Start of Entries shown
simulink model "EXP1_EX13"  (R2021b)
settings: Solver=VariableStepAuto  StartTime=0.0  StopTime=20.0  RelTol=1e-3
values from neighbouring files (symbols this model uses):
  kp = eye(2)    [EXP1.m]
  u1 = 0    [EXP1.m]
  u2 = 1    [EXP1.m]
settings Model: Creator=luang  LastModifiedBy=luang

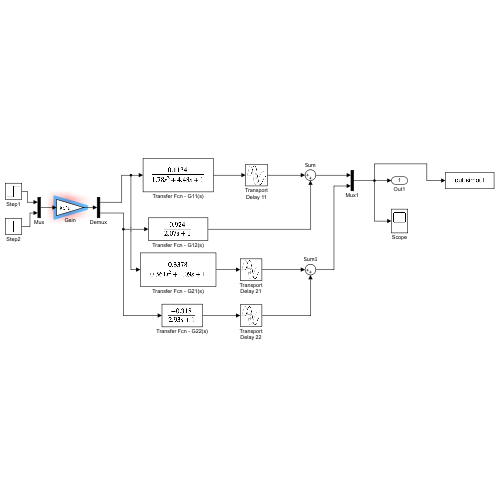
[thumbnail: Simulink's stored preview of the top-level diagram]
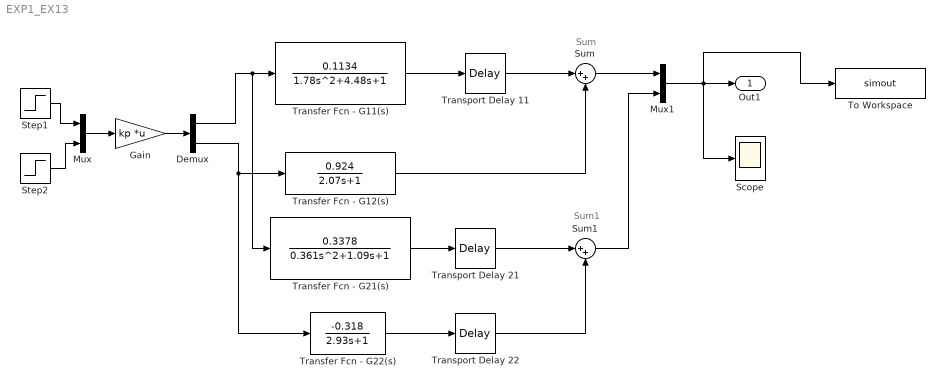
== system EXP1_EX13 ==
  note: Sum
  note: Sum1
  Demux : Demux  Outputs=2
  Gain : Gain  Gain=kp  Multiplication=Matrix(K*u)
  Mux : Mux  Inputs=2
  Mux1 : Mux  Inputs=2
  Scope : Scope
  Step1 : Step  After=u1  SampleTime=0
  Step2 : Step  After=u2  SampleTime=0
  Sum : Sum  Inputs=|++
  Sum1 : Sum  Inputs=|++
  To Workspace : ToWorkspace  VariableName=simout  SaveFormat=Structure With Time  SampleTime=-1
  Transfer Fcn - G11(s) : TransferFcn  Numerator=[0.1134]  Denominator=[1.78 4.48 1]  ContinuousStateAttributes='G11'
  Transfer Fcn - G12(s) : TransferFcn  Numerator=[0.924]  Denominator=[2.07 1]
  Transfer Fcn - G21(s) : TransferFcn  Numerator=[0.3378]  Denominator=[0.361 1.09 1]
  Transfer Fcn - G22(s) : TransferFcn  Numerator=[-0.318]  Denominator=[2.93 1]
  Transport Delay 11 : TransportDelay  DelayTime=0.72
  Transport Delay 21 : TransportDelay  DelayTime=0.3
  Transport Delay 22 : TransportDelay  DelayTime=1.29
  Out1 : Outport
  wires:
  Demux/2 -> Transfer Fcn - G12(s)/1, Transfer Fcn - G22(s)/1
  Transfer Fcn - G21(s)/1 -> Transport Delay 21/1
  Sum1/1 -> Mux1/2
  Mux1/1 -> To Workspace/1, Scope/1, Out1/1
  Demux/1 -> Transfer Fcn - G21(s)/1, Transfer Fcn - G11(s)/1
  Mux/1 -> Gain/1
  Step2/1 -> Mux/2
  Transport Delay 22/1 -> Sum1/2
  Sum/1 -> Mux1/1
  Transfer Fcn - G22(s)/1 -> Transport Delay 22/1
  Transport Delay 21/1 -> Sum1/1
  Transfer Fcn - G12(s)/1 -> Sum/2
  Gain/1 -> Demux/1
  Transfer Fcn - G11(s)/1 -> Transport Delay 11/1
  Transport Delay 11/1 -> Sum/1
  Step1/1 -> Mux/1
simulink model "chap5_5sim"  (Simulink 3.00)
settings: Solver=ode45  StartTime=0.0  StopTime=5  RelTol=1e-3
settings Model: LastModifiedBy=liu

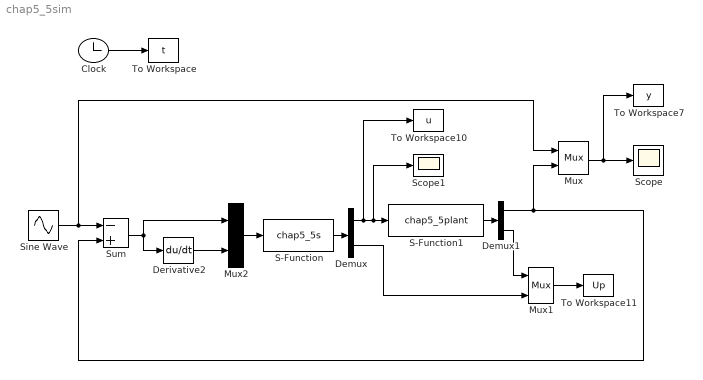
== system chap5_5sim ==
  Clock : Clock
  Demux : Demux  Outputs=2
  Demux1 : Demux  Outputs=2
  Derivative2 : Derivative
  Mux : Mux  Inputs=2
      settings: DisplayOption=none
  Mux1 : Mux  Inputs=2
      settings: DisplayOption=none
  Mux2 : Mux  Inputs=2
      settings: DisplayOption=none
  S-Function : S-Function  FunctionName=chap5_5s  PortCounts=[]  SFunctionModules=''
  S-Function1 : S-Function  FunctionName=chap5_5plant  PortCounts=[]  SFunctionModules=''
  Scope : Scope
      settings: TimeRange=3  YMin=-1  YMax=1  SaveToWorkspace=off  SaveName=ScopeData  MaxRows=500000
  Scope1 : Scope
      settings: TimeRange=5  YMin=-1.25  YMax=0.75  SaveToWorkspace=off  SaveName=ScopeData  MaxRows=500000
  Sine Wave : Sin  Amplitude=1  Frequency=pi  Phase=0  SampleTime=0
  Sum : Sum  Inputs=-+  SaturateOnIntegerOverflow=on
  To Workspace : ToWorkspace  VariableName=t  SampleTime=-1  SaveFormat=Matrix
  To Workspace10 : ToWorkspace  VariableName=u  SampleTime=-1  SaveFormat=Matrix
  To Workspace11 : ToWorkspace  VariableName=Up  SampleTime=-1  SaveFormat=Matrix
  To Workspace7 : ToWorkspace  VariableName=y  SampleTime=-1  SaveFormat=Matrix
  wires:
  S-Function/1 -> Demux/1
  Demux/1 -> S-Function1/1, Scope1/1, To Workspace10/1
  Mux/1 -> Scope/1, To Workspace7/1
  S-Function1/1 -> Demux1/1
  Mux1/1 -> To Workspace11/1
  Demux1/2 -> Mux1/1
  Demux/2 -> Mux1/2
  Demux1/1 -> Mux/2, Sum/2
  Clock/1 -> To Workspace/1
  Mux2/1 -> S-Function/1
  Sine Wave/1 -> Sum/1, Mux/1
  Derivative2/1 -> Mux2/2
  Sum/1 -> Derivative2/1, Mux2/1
End of Entries shown
About this exercise
What you return must match the records above exactly, minus any images.

Task response
simulink model "EXP1_EX13"  (R2021b)
settings: Solver=VariableStepAuto  StartTime=0.0  StopTime=20.0  RelTol=1e-3
values from neighbouring files (symbols this model uses):
  kp = eye(2)    [EXP1.m]
  u1 = 0    [EXP1.m]
  u2 = 1    [EXP1.m]
settings Model: Creator=luang  LastModifiedBy=luang

[thumbnail: Simulink's stored preview of the top-level diagram]
== system EXP1_EX13 ==
  note: Sum
  note: Sum1
  Demux : Demux  Outputs=2
  Gain : Gain  Gain=kp  Multiplication=Matrix(K*u)
  Mux : Mux  Inputs=2
  Mux1 : Mux  Inputs=2
  Scope : Scope
  Step1 : Step  After=u1  SampleTime=0
  Step2 : Step  After=u2  SampleTime=0
  Sum : Sum  Inputs=|++
  Sum1 : Sum  Inputs=|++
  To Workspace : ToWorkspace  VariableName=simout  SaveFormat=Structure With Time  SampleTime=-1
  Transfer Fcn - G11(s) : TransferFcn  Numerator=[0.1134]  Denominator=[1.78 4.48 1]  ContinuousStateAttributes='G11'
  Transfer Fcn - G12(s) : TransferFcn  Numerator=[0.924]  Denominator=[2.07 1]
  Transfer Fcn - G21(s) : TransferFcn  Numerator=[0.3378]  Denominator=[0.361 1.09 1]
  Transfer Fcn - G22(s) : TransferFcn  Numerator=[-0.318]  Denominator=[2.93 1]
  Transport Delay 11 : TransportDelay  DelayTime=0.72
  Transport Delay 21 : TransportDelay  DelayTime=0.3
  Transport Delay 22 : TransportDelay  DelayTime=1.29
  Out1 : Outport
  wires:
  Demux/2 -> Transfer Fcn - G12(s)/1, Transfer Fcn - G22(s)/1
  Transfer Fcn - G21(s)/1 -> Transport Delay 21/1
  Sum1/1 -> Mux1/2
  Mux1/1 -> To Workspace/1, Scope/1, Out1/1
  Demux/1 -> Transfer Fcn - G21(s)/1, Transfer Fcn - G11(s)/1
  Mux/1 -> Gain/1
  Step2/1 -> Mux/2
  Transport Delay 22/1 -> Sum1/2
  Sum/1 -> Mux1/1
  Transfer Fcn - G22(s)/1 -> Transport Delay 22/1
  Transport Delay 21/1 -> Sum1/1
  Transfer Fcn - G12(s)/1 -> Sum/2
  Gain/1 -> Demux/1
  Transfer Fcn - G11(s)/1 -> Transport Delay 11/1
  Transport Delay 11/1 -> Sum/1
  Step1/1 -> Mux/1
simulink model "chap5_5sim"  (Simulink 3.00)
settings: Solver=ode45  StartTime=0.0  StopTime=5  RelTol=1e-3
settings Model: LastModifiedBy=liu

== system chap5_5sim ==
  Clock : Clock
  Demux : Demux  Outputs=2
  Demux1 : Demux  Outputs=2
  Derivative2 : Derivative
  Mux : Mux  Inputs=2
      settings: DisplayOption=none
  Mux1 : Mux  Inputs=2
      settings: DisplayOption=none
  Mux2 : Mux  Inputs=2
      settings: DisplayOption=none
  S-Function : S-Function  FunctionName=chap5_5s  PortCounts=[]  SFunctionModules=''
  S-Function1 : S-Function  FunctionName=chap5_5plant  PortCounts=[]  SFunctionModules=''
  Scope : Scope
      settings: TimeRange=3  YMin=-1  YMax=1  SaveToWorkspace=off  SaveName=ScopeData  MaxRows=500000
  Scope1 : Scope
      settings: TimeRange=5  YMin=-1.25  YMax=0.75  SaveToWorkspace=off  SaveName=ScopeData  MaxRows=500000
  Sine Wave : Sin  Amplitude=1  Frequency=pi  Phase=0  SampleTime=0
  Sum : Sum  Inputs=-+  SaturateOnIntegerOverflow=on
  To Workspace : ToWorkspace  VariableName=t  SampleTime=-1  SaveFormat=Matrix
  To Workspace10 : ToWorkspace  VariableName=u  SampleTime=-1  SaveFormat=Matrix
  To Workspace11 : ToWorkspace  VariableName=Up  SampleTime=-1  SaveFormat=Matrix
  To Workspace7 : ToWorkspace  VariableName=y  SampleTime=-1  SaveFormat=Matrix
  wires:
  S-Function/1 -> Demux/1
  Demux/1 -> S-Function1/1, Scope1/1, To Workspace10/1
  Mux/1 -> Scope/1, To Workspace7/1
  S-Function1/1 -> Demux1/1
  Mux1/1 -> To Workspace11/1
  Demux1/2 -> Mux1/1
  Demux/2 -> Mux1/2
  Demux1/1 -> Mux/2, Sum/2
  Clock/1 -> To Workspace/1
  Mux2/1 -> S-Function/1
  Sine Wave/1 -> Sum/1, Mux/1
  Derivative2/1 -> Mux2/2
  Sum/1 -> Derivative2/1, Mux2/1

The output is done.